One of the biggest challenges that manufacturing businesses come to face would have to be their receivables. It does not come as a secret that credit sales comprise of a huge chunk in customer orders and although they still translate to assets, it does not necessarily mean liquid currency. Trade receivables can harm a company’s liquidity when it traps cash into invoices making it unavailable for immediate use, worse when the customer defaults. One of the more successful solutions to such dilemma happens to be in the form of Single Invoice Factoring. But what is it about?
Single Invoice Factoring allows manufacturers to advance the value of their receivables even before their owing customer makes the payment or before the credit sale matures. In such a scenario, the company chooses a particular invoice, oftentimes one with significant value and which covers the amount of a particular need, then factors it out. The provider called a factor shall then provide for an advance of the invoice’s value, which can range between 80-95%, in exchange for the right to collect against it. The remaining 5-20% shall be released only upon the customer’s full payment. The fees shall be deducted from such remainder.

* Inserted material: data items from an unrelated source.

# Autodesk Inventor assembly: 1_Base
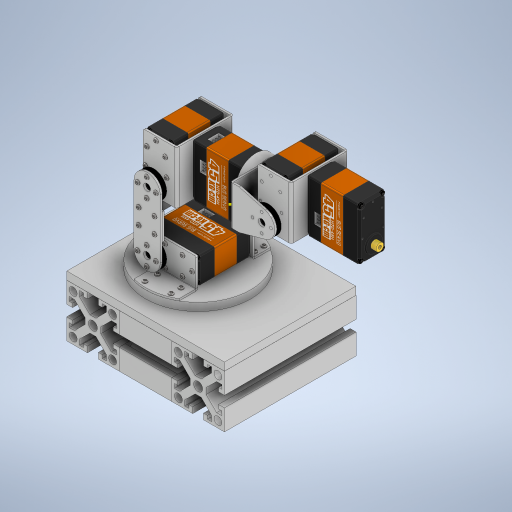
[picture p0: Inventor's stored thumbnail of the model, 512x512]
Saved by Autodesk Inventor 2024.1 (Build 281209000, 209)
## iProperties
Created: 2023-08-24
Part Number: 1_Base
Document SubType Name: Assembly
Designer: chanh
Author: chanh
## Documents named in this file (28)
- C:\Users\chanh\OneDrive - 연세대학교 (Yonsei University)\로봇\Humanoid\Roboin Humanoid Project\Inventor\rh_plus_7_axis_robot_arm_hardware\Assembly\2_Arm.iam
- C:\Users\chanh\OneDrive - 연세대학교 (Yonsei University)\로봇\Humanoid\Roboin Humanoid Project\Inventor\rh_plus_7_axis_robot_arm_hardware\Part\HTD-45H, Horn\HTD-45H\HTD-45H.ipt
- C:\Users\chanh\OneDrive - 연세대학교 (Yonsei University)\로봇\Humanoid\Roboin Humanoid Project\Inventor\rh_plus_7_axis_robot_arm_hardware\Part\Frame\axis_1_top_frame.ipt
- C:\Users\chanh\OneDrive - 연세대학교 (Yonsei University)\로봇\Humanoid\Roboin Humanoid Project\Inventor\rh_plus_7_axis_robot_arm_hardware\Part\Other Parts\Aluminum_Profile_4040_100.14mm_top.ipt
- C:\Users\chanh\OneDrive - 연세대학교 (Yonsei University)\로봇\Humanoid\Roboin Humanoid Project\Inventor\rh_plus_7_axis_robot_arm_hardware\Part\Other Parts\Aluminum_Profile_4040_40.10mm_right.ipt
- C:\Users\chanh\OneDrive - 연세대학교 (Yonsei University)\로봇\Humanoid\Roboin Humanoid Project\Inventor\rh_plus_7_axis_robot_arm_hardware\Part\Other Parts\Aluminum_Profile_4040_40.10mm_left.ipt
- C:\Users\chanh\OneDrive - 연세대학교 (Yonsei University)\로봇\Humanoid\Roboin Humanoid Project\Inventor\rh_plus_7_axis_robot_arm_hardware\Part\Other Parts\Aluminum_Profile_4040_100.14mm_bottom.ipt
- C:\Users\chanh\OneDrive - 연세대학교 (Yonsei University)\로봇\Humanoid\Roboin Humanoid Project\Inventor\rh_plus_7_axis_robot_arm_hardware\Part\HTD-45H, Horn\HTD-45H\M2x32.ipt
- C:\Users\chanh\OneDrive - 연세대학교 (Yonsei University)\로봇\Humanoid\Roboin Humanoid Project\Inventor\rh_plus_7_axis_robot_arm_hardware\Part\HTD-45H, Horn\Horn\Top Horn.ipt
- C:\Users\chanh\OneDrive - 연세대학교 (Yonsei University)\로봇\Humanoid\Roboin Humanoid Project\Inventor\rh_plus_7_axis_robot_arm_hardware\Part\Bolt, Bearing\M2x6 Round Bolt.ipt
- C:\Users\chanh\OneDrive - 연세대학교 (Yonsei University)\로봇\Humanoid\Roboin Humanoid Project\Inventor\rh_plus_7_axis_robot_arm_hardware\Part\Bolt, Bearing\M2x35 Round Bolt.ipt
- C:\Users\chanh\OneDrive - 연세대학교 (Yonsei University)\로봇\Humanoid\Roboin Humanoid Project\Inventor\rh_plus_7_axis_robot_arm_hardware\Part\Frame\axis_2_bottom_frame.ipt
- C:\Users\chanh\OneDrive - 연세대학교 (Yonsei University)\로봇\Humanoid\Roboin Humanoid Project\Inventor\rh_plus_7_axis_robot_arm_hardware\Part\Bolt, Bearing\AXK5070+AS Bearing.ipt
- C:\Users\chanh\OneDrive - 연세대학교 (Yonsei University)\로봇\Humanoid\Roboin Humanoid Project\Inventor\rh_plus_7_axis_robot_arm_hardware\Part\Bolt, Bearing\M2x6 Bolt.ipt
- C:\Users\chanh\OneDrive - 연세대학교 (Yonsei University)\로봇\Humanoid\Roboin Humanoid Project\Inventor\rh_plus_7_axis_robot_arm_hardware\Part\HTD-45H, Horn\HTD-45H\HTD-45H.iam
- C:\Users\chanh\OneDrive - 연세대학교 (Yonsei University)\로봇\Humanoid\Roboin Humanoid Project\Inventor\rh_plus_7_axis_robot_arm_hardware\Part\HTD-45H, Horn\Horn\M3x6.ipt
- C:\Users\chanh\OneDrive - 연세대학교 (Yonsei University)\로봇\Humanoid\Roboin Humanoid Project\Inventor\rh_plus_7_axis_robot_arm_hardware\Part\Frame\axis_2_bottom_L_frame(top).ipt
- C:\Users\chanh\OneDrive - 연세대학교 (Yonsei University)\로봇\Humanoid\Roboin Humanoid Project\Inventor\rh_plus_7_axis_robot_arm_hardware\Part\Frame\axis_2_bottom_L_frame(bottom).ipt
- C:\Users\chanh\OneDrive - 연세대학교 (Yonsei University)\로봇\Humanoid\Roboin Humanoid Project\Inventor\rh_plus_7_axis_robot_arm_hardware\Part\HTD-45H, Horn\Horn\Bottom Horn.ipt
- C:\Users\chanh\OneDrive - 연세대학교 (Yonsei University)\로봇\Humanoid\Roboin Humanoid Project\Inventor\rh_plus_7_axis_robot_arm_hardware\Part\Bolt, Bearing\M2x4 Round Bolt.ipt
- C:\Users\chanh\OneDrive - 연세대학교 (Yonsei University)\로봇\Humanoid\Roboin Humanoid Project\Inventor\rh_plus_7_axis_robot_arm_hardware\Part\Frame\axis_3_bottom_frame(top).ipt
- C:\Users\chanh\OneDrive - 연세대학교 (Yonsei University)\로봇\Humanoid\Roboin Humanoid Project\Inventor\rh_plus_7_axis_robot_arm_hardware\Part\Frame\axis_3_bottom_frame(bottom).ipt
- C:\Users\chanh\OneDrive - 연세대학교 (Yonsei University)\로봇\Humanoid\Roboin Humanoid Project\Inventor\rh_plus_7_axis_robot_arm_hardware\Part\Frame\axis_3_bottom_frame(middle).ipt
- C:\Users\chanh\OneDrive - 연세대학교 (Yonsei University)\로봇\Humanoid\Roboin Humanoid Project\Inventor\rh_plus_7_axis_robot_arm_hardware\Part\Frame\axis_3_top_frame.ipt
- C:\Users\chanh\OneDrive - 연세대학교 (Yonsei University)\로봇\Humanoid\Roboin Humanoid Project\Inventor\rh_plus_7_axis_robot_arm_hardware\Part\Frame\axis_4_top_frame.ipt
- C:\Users\chanh\OneDrive - 연세대학교 (Yonsei University)\로봇\Humanoid\Roboin Humanoid Project\Inventor\rh_plus_7_axis_robot_arm_hardware\Part\Bolt, Bearing\2030 Teflon Sheet.ipt
- C:\Users\chanh\OneDrive - 연세대학교 (Yonsei University)\로봇\Humanoid\Roboin Humanoid Project\Inventor\rh_plus_7_axis_robot_arm_hardware\Part\Frame\axis_5_bottom_frame.ipt
- C:\Users\chanh\OneDrive - 연세대학교 (Yonsei University)\로봇\Humanoid\Roboin Humanoid Project\Inventor\rh_plus_7_axis_robot_arm_hardware\Part\Frame\axis_5_top_frame.ipt
## Components (113 placed, 26 different names)
1. Aluminum_Profile_4040_100.14mm_top:1 — Flush:13, Flush:14, Mate:2, Mate:3, Flush:15, Flush:16, Mate:4, Flush:17, Flush:18, Mate:6
2. Aluminum_Profile_4040_40.10mm_right:1 — Mate:3, Flush:15, Flush:16
3. Aluminum_Profile_4040_40.10mm_left:1 — Mate:4, Flush:17, Flush:18, Mate:5, Flush:20
4. Aluminum_Profile_4040_100.14mm_bottom:1 — Flush:19, Mate:5, Flush:20
5. HTD-45H:1 — Mate:1, Flush:1, Flush:2, Flush:12, Flush:13, Flush:14, Mate:2, Flush:19, Rigid:1, Rigid:2, Rotational:1, Mate:7, Mate:8
6. axis_1_top_frame:1 — Flush:11, Flush:12, Mate:6, Rigid:11, Rigid:12, Rigid:13, Rigid:14, Rigid:15, Rigid:16, Rigid:17, Mate:9
7. HTD-45H:2 [sub-assembly] — Flush:21, Mate:11, Flush:23, Flush:24, Mate:13, Mate:17, Rotational:2
8. axis_2_bottom_frame:1 — Rigid:10, Rigid:18, Rigid:19, Rigid:20, Rigid:21, Flush:21, Mate:11, Mate:14
9. axis_2_bottom_L_frame(top):1 — Flush:23, Flush:24, Mate:13, Mate:14, Rigid:23, Rigid:24, Rigid:25, Rigid:26, Rigid:27, Rigid:28, Rigid:29, Rigid:30, Rigid:31
10. axis_2_bottom_L_frame(bottom):1 — Mate:17, Rigid:32, Rigid:33, Rigid:34, Rigid:35, Rigid:36, Rigid:37, Rigid:38, Rigid:39, Rigid:40, Rigid:41, Rigid:42, Rigid:43
11. HTD-45H:3 [sub-assembly] — Rotational:3, Flush:25, Mate:18, Flush:26
12. axis_3_bottom_frame(top):1 — Rigid:44, Rigid:45, Rigid:48, Rigid:49, Rigid:50, Rigid:51, Rigid:52, Rigid:53, Rigid:54, Rigid:55, Rigid:56, Rigid:57, Rigid:58, Rigid:59, Rigid:60
13. axis_3_bottom_frame(middle):1 — Rigid:48, Rigid:104
14. axis_3_bottom_frame(bottom):1 — Rigid:61, Rigid:62, Rigid:63, Rigid:64, Rigid:65, Rigid:66, Rigid:67, Rigid:68, Rigid:69, Rigid:70, Rigid:71, Rigid:72, Rigid:102, Rigid:103, Rigid:104
15. axis_3_top_frame:1 — Flush:25, Mate:18, Flush:26, Rigid:74, Rigid:75, Rigid:76, Rigid:77, Rigid:78, Rigid:79, Rigid:80, Rigid:81, Rigid:82, Rigid:83, Rigid:84, Rigid:85, Rigid:86, Rigid:87, Rigid:88, Rigid:89, Rigid:90
16. HTD-45H:4 — Rigid:90, Rigid:91, Rigid:92, Angle:1, Mate:20, Rotational:4
17. 2030 Teflon Sheet:1 — Rigid:97
18. axis_4_top_frame:1 — Angle:1, Mate:20, Rigid:93, Rigid:94, Rigid:95, Rigid:96, Rigid:97
19. HTD-45H:5 [sub-assembly] — Rotational:5, Rigid:105
20. 2030 Teflon Sheet:2
21. axis_5_bottom_frame:1 — Rigid:99, Rigid:100, Rigid:101
22. axis_5_top_frame:1 — Rigid:105, Mate:21, Flush:27, Mate:22
23. HTD-45H:6 [sub-assembly] — Mate:21, Flush:27, Mate:22
24. M2x32:1 — Rigid:2
25. M2x32:2 — Rigid:1
26. Top Horn:1 — Rotational:1, Rigid:10, Rigid:22
27. M3x6:1 — Rigid:22
28. M2x6 Round Bolt:3 — Rigid:16
29. M2x6 Round Bolt:4 — Rigid:17
30. M2x6 Round Bolt:5 — Rigid:15
31. AXK5070+AS Bearing:1 — Mate:7, Mate:8, Mate:9
32. M2x6 Round Bolt:1 — Rigid:14
33. M2x6 Round Bolt:2 — Rigid:13
34. M2x35 Round Bolt:1 — Rigid:11
35. M2x35 Round Bolt:2 — Rigid:12
36. Bottom Horn:5 — Rigid:102
37. Top Horn:2 — Rotational:2, Rigid:44
38. M2x6 Bolt:1 — Rigid:18
39. M2x6 Bolt:2 — Rigid:19
40. M2x6 Bolt:3 — Rigid:20
41. M2x6 Bolt:4 — Rigid:21
42. M2x4 Round Bolt:1 — Rigid:23
43. M2x4 Round Bolt:2 — Rigid:24
44. M2x4 Round Bolt:3 — Rigid:25
45. M2x4 Round Bolt:4 — Rigid:26
46. M2x4 Round Bolt:5 — Rigid:27
47. M2x4 Round Bolt:6 — Rigid:28
48. M2x4 Round Bolt:7 — Rigid:29
49. M2x4 Round Bolt:8 — Rigid:30
50. M2x4 Round Bolt:9 — Rigid:31
51. M2x4 Round Bolt:10 — Rigid:32
52. M2x4 Round Bolt:11 — Rigid:33
53. M2x4 Round Bolt:12 — Rigid:34
54. M2x4 Round Bolt:13 — Rigid:35
55. M2x4 Round Bolt:14 — Rigid:36
56. M2x4 Round Bolt:15 — Rigid:37
57. M2x4 Round Bolt:16 — Rigid:38
58. M2x4 Round Bolt:17 — Rigid:39
59. M2x4 Round Bolt:18 — Rigid:40
60. M2x4 Round Bolt:19 — Rigid:41
61. M2x4 Round Bolt:20 — Rigid:42
62. M2x4 Round Bolt:21 — Rigid:43
63. Bottom Horn:4 — Rigid:103
64. Top Horn:3 — Rotational:3, Rigid:45
65. M2x4 Round Bolt:22 — Rigid:50
66. M2x4 Round Bolt:23 — Rigid:51
67. M2x4 Round Bolt:24 — Rigid:52
68. M2x4 Round Bolt:25 — Rigid:49
69. M2x4 Round Bolt:26 — Rigid:53
70. M2x4 Round Bolt:27 — Rigid:54
71. M2x4 Round Bolt:28 — Rigid:55
72. M2x4 Round Bolt:29 — Rigid:56
73. M2x4 Round Bolt:30 — Rigid:57
74. M2x4 Round Bolt:31 — Rigid:58
75. M2x4 Round Bolt:32 — Rigid:59
76. M2x4 Round Bolt:33 — Rigid:60
77. M2x4 Round Bolt:34 — Rigid:61
78. M2x4 Round Bolt:35 — Rigid:62
79. M2x4 Round Bolt:36 — Rigid:63
80. M2x4 Round Bolt:37 — Rigid:64
81. M2x4 Round Bolt:38 — Rigid:65
82. M2x4 Round Bolt:39 — Rigid:66
83. M2x4 Round Bolt:40 — Rigid:67
84. M2x4 Round Bolt:41 — Rigid:68
85. M2x4 Round Bolt:42 — Rigid:69
86. M2x4 Round Bolt:43 — Rigid:70
87. M2x4 Round Bolt:44 — Rigid:71
88. M2x4 Round Bolt:45 — Rigid:72
89. M2x4 Round Bolt:46 — Rigid:74
90. M2x4 Round Bolt:47 — Rigid:75
91. M2x4 Round Bolt:48 — Rigid:76
92. M2x4 Round Bolt:49 — Rigid:77
93. M2x4 Round Bolt:50 — Rigid:78
94. M2x4 Round Bolt:51 — Rigid:79
95. M2x4 Round Bolt:52 — Rigid:80
96. M2x4 Round Bolt:53 — Rigid:81
97. M2x4 Round Bolt:54 — Rigid:82
98. M2x4 Round Bolt:55 — Rigid:83
99. M2x4 Round Bolt:56 — Rigid:84
100. M2x4 Round Bolt:57 — Rigid:85
101. M2x4 Round Bolt:58 — Rigid:86
102. M2x4 Round Bolt:59 — Rigid:87
103. M2x4 Round Bolt:60 — Rigid:88
104. M2x4 Round Bolt:61 — Rigid:89
105. Top Horn:6 — Rotational:4, Rigid:99
106. M2x32:3 — Rigid:92
107. M2x32:4 — Rigid:91
108. M2x6 Round Bolt:6 — Rigid:93
109. M2x6 Round Bolt:7 — Rigid:94
110. M2x35 Round Bolt:3 — Rigid:95
111. M2x35 Round Bolt:4 — Rigid:96
112. Top Horn:7 — Rigid:100, Rotational:5
113. Bottom Horn:3 — Rigid:101
## Relationships (135: WeldJoint 94, Flush 18, Mate 17, RevoluteJoint 5, Angle 1)
- Mate:1: HTD-45H:1
- Flush:1: HTD-45H:1
- Flush:2: HTD-45H:1
- Flush:11: axis_1_top_frame:1
- Flush:12: HTD-45H:1 ↔ axis_1_top_frame:1
- Flush:13: Aluminum_Profile_4040_100.14mm_top:1 ↔ HTD-45H:1
- Flush:14: Aluminum_Profile_4040_100.14mm_top:1 ↔ HTD-45H:1
- Mate:2: Aluminum_Profile_4040_100.14mm_top:1 ↔ HTD-45H:1
- Mate:3: Aluminum_Profile_4040_100.14mm_top:1 ↔ Aluminum_Profile_4040_40.10mm_right:1
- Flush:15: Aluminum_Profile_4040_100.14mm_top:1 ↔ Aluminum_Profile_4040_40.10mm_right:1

Since many buyers would opt to defer their payments until goods are delivered and/or resold, this helps in ensuring that cash flows still remain on the positive side of the spectrum further strengthening the entity’s liquidity.
Apart from the immediacy of single invoice factoring where it can provide for the release of cash in as fast as a day’s time, it also brings manufacturers a number of other benefits. For one, it is not a debt. Companies need not worry about damaging their credit score or adding more obligations to the pile. Second, it hastens the receivable to cash turnover. It frees the locked up cash thus enabling cash flows to lie on the good side as mentioned earlier. Third, the collection burden and all tasks related to it shall be passed on to and borne by the factor. This relieves the company of such responsibility allowing it to focus on other aspects of operations, particularly those that bring more profit to the business.
And since Single Invoice Factoring banks more on the creditworthiness of the customer to whom the invoice is attached to, even struggling entities or those with a not so sterling credit history can apply for and make use of it without fuss.